__Your assignment__: When you output the entries, begin with the first line and end with the line containing "sensorCalibrationData = [0.09", keeping each line exactly as it is.

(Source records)
========
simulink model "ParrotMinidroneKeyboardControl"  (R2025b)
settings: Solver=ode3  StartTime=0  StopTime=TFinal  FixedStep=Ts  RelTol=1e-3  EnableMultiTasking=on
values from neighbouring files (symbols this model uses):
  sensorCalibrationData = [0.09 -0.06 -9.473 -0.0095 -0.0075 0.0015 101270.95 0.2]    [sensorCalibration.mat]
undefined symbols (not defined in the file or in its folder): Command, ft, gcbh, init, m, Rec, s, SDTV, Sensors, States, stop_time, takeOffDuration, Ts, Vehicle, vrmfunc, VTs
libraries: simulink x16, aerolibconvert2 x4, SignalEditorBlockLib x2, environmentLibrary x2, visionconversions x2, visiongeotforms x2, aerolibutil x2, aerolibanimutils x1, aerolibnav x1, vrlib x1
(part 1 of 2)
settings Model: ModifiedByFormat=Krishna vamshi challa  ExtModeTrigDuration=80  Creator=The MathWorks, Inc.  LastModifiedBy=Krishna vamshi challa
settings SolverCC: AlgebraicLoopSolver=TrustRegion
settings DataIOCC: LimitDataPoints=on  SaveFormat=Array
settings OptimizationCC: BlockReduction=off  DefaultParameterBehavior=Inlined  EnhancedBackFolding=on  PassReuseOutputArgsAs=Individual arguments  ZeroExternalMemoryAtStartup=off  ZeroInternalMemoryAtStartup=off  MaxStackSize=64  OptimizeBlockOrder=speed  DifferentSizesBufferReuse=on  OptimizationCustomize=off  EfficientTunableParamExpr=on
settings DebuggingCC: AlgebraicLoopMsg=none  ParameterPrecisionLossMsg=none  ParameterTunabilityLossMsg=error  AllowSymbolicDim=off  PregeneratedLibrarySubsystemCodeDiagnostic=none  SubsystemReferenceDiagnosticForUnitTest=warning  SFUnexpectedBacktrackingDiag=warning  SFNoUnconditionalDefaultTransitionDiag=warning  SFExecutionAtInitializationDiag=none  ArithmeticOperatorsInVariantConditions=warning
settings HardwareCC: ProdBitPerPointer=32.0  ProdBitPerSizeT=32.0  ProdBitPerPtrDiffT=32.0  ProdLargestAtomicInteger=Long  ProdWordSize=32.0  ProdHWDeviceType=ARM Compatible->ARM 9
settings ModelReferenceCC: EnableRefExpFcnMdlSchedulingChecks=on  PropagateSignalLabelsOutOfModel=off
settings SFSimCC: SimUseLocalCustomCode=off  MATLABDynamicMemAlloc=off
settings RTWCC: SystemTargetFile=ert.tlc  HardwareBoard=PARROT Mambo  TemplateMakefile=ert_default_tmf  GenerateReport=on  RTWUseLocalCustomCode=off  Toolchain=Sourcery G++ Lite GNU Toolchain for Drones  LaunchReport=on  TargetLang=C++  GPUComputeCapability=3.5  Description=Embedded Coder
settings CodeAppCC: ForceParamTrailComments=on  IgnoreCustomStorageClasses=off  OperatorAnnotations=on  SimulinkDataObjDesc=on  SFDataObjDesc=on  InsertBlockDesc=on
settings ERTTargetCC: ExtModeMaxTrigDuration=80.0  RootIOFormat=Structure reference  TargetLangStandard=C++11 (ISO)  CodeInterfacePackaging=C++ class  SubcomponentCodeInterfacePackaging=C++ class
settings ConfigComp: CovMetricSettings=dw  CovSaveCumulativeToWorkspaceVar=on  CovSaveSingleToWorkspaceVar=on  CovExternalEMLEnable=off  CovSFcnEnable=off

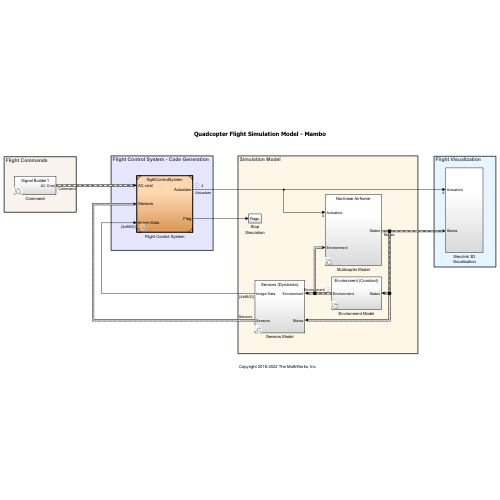
[thumbnail: Simulink's stored preview of the top-level diagram]
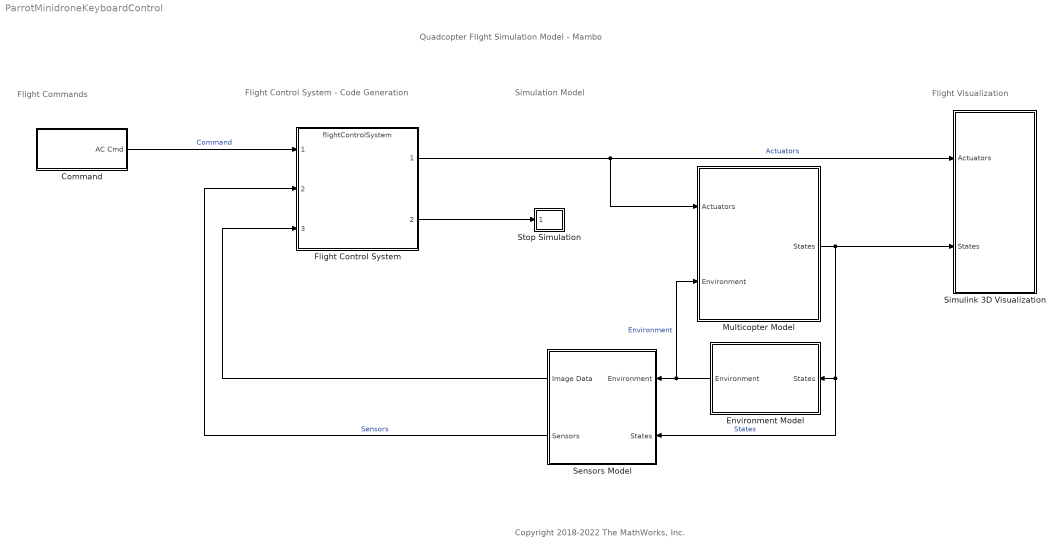
== system ParrotMinidroneKeyboardControl ==
  note: Flight Visualization
  note: Simulation Model
  note: Flight Control System - Code Generation
  note: Flight Commands
  note: Quadcopter Flight Simulation Model - Mambo
  note: Copyright 2018-2022 The MathWorks, Inc.
  Command : Subsystem  Variant=on
  Environment Model : Subsystem  Variant=on
  Flight Control System : ModelReference  ModelNameDialog=flightControlSystem.slx  SimulationMode=Normal  ModelReferenceVersion=11.6
  Multicopter Model : Subsystem  Variant=on
  Sensors Model : Subsystem  Variant=on
  Simulink 3D Visualization : Subsystem
  Stop Simulation : Subsystem
  wires:
  Command/1(AC Cmd) -> Flight Control System/1  "Command"
  Sensors Model/2(Sensors) -> Flight Control System/2  "Sensors"
  Flight Control System/1 -> Multicopter Model/1(Actuators), Simulink 3D Visualization/1(Actuators)  "Actuators"
  Environment Model/1(Environment) -> Sensors Model/1(Environment), Multicopter Model/2(Environment)  "Environment"
  Multicopter Model/1(States) -> Sensors Model/2(States), Environment Model/1(States), Simulink 3D Visualization/2(States)  "States"
  Flight Control System/2 -> Stop Simulation/1(Flags)
  Sensors Model/1(Image Data) -> Flight Control System/3

== system ParrotMinidroneKeyboardControl/Command ==
  note: VSS_COMMAND = 0 will select Signal Builder
      | VSS_COMMAND =1 will select Joystick + Signal Builder
      | VSS_COMMAND = 2 will select pre-saved data from .mat file
      | VSS_COMMAND = 3 will select pre-saved data from a spreadsheet
  Data : Subsystem  VariantControl=VSS_COMMAND_PRESAVED
  Joystick : Subsystem  VariantControl=VSS_COMMAND_JOYSTICK
  Signal Builder1 : Subsystem  VariantControl=VSS_COMMAND_SIGBLDR
  Spreadsheet Data : Subsystem  VariantControl=VSS_COMMAND_SPREADSHEET
  AC Cmd : Outport  OutDataTypeStr=Bus: CommandBus  VectorParamsAs1DForOutWhenUnconnected=off

== system ParrotMinidroneKeyboardControl/Environment Model ==
  note: VSS_ENVIRONMENT = 0 will select constant environment variables
      | VSS_ENVIRONMENT = 1 will select environment variables depending on position
  States : Inport  OutDataTypeStr=Bus: StatesBus
  Environment (Constant) : environmentLibrary/Environment (Constant)  SystemSampleTime=-1  VariantControl=VSS_ENVIRONMENT_CST  VariantActivationTime=update diagram  EmptyChoice=off  PassThrough=off  PassThroughVariantControl=(default)  EmptyChoiceVariantControl=(default)  AllowFlexibleInterface=on  Latency=0  AutoFrameSizeCalculation=off
  Environment (Variable) : environmentLibrary/Environment (Variable)  SystemSampleTime=-1  VariantControl=VSS_ENVIRONMENT_VARIABLE  VariantActivationTime=update diagram  AllowFlexibleInterface=on  Latency=0  AutoFrameSizeCalculation=off
  Environment : Outport  OutDataTypeStr=Bus: EnvironmentBus  VectorParamsAs1DForOutWhenUnconnected=off

== system ParrotMinidroneKeyboardControl/Multicopter Model ==
  note: VSS_VEHICLE = 0 will select linear airframe
      | VSS_VEHICLE = 1 will select nonlnear airframe
  Actuators : Inport
  Environment : Inport  Port=2  OutDataTypeStr=Bus: EnvironmentBus
  Linear Airframe : ModelReference  ModelNameDialog=linearAirframe.slx  SimulationMode=Normal  VariantControl=VSS_VEHICLE_LINEAR  ModelReferenceVersion=10.0
  Nonlinear Airframe : ModelReference  ModelNameDialog=nonlinearAirframe.slx  SimulationMode=Normal  VariantControl=VSS_VEHICLE_NONLINEAR  ModelReferenceVersion=12.2
  States : Outport  OutDataTypeStr=Bus: StatesBus  VectorParamsAs1DForOutWhenUnconnected=off

== system ParrotMinidroneKeyboardControl/Sensors Model ==
  note: VSS_SENSORS = 0 will select feedthrough sensors
      | VSS_SENSORS = 1 will select dynamics sensors with noise
  Environment : Inport
  States : Inport  Port=2
  Sensors (Dynamics) : Subsystem  TreatAsAtomicUnit=on  VariantControl=VSS_SENSORS_DYNAMICS
  Sensors (Feedthrough) : Subsystem  TreatAsAtomicUnit=on  VariantControl=VSS_SENSORS_FEEDTHROUGH
  Image Data : Outport  VectorParamsAs1DForOutWhenUnconnected=off
  Sensors : Outport  Port=2  VectorParamsAs1DForOutWhenUnconnected=off

== system ParrotMinidroneKeyboardControl/Simulink 3D Visualization ==
  Actuators : Inport
  States : Inport  Port=2
  Airspeed Indicator : AirspeedIndicatorBlock  LabelPosition=Hide
  Altimeter : AltimeterBlock  LabelPosition=Hide
  Artificial Horizon : ArtificialHorizonBlock  LabelPosition=Hide
  Climb Rate Indicator : ClimbIndicatorBlock  LabelPosition=Hide
  Extract Flight Instruments : Subsystem
  Heading Indicator1 : HeadingIndicatorBlock  LabelPosition=Hide
  Simulink 3D : Subsystem  VariantControl=VSS_VISUALIZATION_SL3D
      mask init:
      | visualizationFlightGearVars;
  Thruster {1..4} (4 alike) : RPMIndicatorBlock  LabelPosition=Hide
  wires:
  Actuators/1 -> Extract Flight Instruments/1(Actuators), Simulink 3D/2(Actuators)
  States/1 -> Extract Flight Instruments/2(States), Simulink 3D/1(States)

== system ParrotMinidroneKeyboardControl/Stop Simulation ==
  Flags : Inport  OutDataTypeStr=uint8
  Compare To Zero : simulink/Logic and Bit Operations/Compare To Zero  relop=>  OutDataTypeStr=boolean
  Flag has been triggered : Assertion
  Logical Operator : Logic  Operator=NOT  AllPortsSameDT=off  OutDataTypeStr=boolean
  wires:
  Flags/1 -> Compare To Zero/1
  Logical Operator/1 -> Flag has been triggered/1
  Compare To Zero/1 -> Logical Operator/1

== system ParrotMinidroneKeyboardControl/Command/Data ==
  Bus Creator : BusCreator  Inputs=5  OutDataTypeStr=Bus: CommandBus  NonVirtualBus=on
  Clock : Clock
  Compare To Constant : simulink/Logic and Bit Operations/Compare To Constant  relop=<  const=takeOffDuration  OutDataTypeStr=boolean
  Compare To Zero : simulink/Logic and Bit Operations/Compare To Zero  relop===  OutDataTypeStr=boolean
  Compare To Zero1 : simulink/Logic and Bit Operations/Compare To Zero  relop===  OutDataTypeStr=boolean
  Data Type Conversion1 : DataTypeConversion  OutDataTypeStr=single  SaturateOnIntegerOverflow=off  RndMeth=Floor
  Data Type Conversion3 : DataTypeConversion  OutDataTypeStr=single  SaturateOnIntegerOverflow=off  RndMeth=Floor
  Demux : Demux  Outputs=6
  From File : FromFile  FileName=cmdData.mat  SampleTime=Ts
  Live Time Ticks : simulink/Sources/Counter Free-Running  NumBits=32  tsamp=Ts
  Logical Operator : Logic  AllPortsSameDT=off  OutDataTypeStr=boolean
  Mux : Mux  Inputs=3
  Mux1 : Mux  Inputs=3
========
__Solution for this problem__:
simulink model "ParrotMinidroneKeyboardControl"  (R2025b)
settings: Solver=ode3  StartTime=0  StopTime=TFinal  FixedStep=Ts  RelTol=1e-3  EnableMultiTasking=on
values from neighbouring files (symbols this model uses):
  sensorCalibrationData = [0.09 -0.06 -9.473 -0.0095 -0.0075 0.0015 101270.95 0.2]    [sensorCalibration.mat]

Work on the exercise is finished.